(Dataset items)
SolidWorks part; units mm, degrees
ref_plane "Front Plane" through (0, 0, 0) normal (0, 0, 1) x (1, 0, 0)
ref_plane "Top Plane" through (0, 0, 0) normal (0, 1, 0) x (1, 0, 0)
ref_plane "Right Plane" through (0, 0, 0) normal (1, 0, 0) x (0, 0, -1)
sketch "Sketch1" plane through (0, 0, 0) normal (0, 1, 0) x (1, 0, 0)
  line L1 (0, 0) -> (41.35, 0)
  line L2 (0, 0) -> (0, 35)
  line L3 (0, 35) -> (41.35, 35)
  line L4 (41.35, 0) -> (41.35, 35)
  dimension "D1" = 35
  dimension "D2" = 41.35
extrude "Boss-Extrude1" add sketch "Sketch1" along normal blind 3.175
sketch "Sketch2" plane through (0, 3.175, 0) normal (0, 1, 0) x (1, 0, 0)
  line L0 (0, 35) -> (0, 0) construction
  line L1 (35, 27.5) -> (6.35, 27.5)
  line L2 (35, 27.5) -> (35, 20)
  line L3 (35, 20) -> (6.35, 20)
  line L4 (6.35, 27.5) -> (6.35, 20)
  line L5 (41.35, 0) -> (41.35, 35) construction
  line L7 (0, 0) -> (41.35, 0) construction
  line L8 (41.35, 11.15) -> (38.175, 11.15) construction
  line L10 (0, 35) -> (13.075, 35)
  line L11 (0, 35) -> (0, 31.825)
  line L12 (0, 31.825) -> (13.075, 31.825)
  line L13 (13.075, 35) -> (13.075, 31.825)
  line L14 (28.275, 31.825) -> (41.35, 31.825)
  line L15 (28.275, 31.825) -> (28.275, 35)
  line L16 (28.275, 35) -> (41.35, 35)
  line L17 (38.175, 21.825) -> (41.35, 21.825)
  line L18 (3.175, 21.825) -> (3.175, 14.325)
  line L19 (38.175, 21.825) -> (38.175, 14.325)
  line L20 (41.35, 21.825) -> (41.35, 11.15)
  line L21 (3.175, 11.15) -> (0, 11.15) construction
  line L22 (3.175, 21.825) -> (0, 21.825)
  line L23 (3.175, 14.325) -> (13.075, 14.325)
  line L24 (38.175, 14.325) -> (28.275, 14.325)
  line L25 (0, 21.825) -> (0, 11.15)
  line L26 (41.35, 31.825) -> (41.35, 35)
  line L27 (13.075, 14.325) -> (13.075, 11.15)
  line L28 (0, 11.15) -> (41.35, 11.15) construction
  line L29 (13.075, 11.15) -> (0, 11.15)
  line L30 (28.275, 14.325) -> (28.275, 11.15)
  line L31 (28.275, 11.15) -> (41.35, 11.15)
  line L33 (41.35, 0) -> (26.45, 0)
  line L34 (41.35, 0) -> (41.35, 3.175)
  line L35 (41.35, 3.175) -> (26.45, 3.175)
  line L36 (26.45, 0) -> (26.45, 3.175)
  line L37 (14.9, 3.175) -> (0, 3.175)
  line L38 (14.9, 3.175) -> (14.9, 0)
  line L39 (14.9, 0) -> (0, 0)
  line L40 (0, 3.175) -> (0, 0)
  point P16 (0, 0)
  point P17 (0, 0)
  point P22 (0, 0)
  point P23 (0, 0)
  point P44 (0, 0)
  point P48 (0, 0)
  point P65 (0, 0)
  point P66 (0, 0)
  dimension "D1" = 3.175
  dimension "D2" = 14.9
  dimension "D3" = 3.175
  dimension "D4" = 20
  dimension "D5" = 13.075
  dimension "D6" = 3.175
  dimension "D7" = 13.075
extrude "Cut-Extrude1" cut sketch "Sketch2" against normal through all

### WHAT TO WORK ON
Starting at the line above that contains "line L2 (0, 0) -> (0, 35)", repeat each line exactly up to and including the line that contains "normal blind 3.175", and stop there.

### RESULT OF THIS TASK
  line L2 (0, 0) -> (0, 35)
  line L3 (0, 35) -> (41.35, 35)
  line L4 (41.35, 0) -> (41.35, 35)
  dimension "D1" = 35
  dimension "D2" = 41.35
extrude "Boss-Extrude1" add sketch "Sketch1" along normal blind 3.175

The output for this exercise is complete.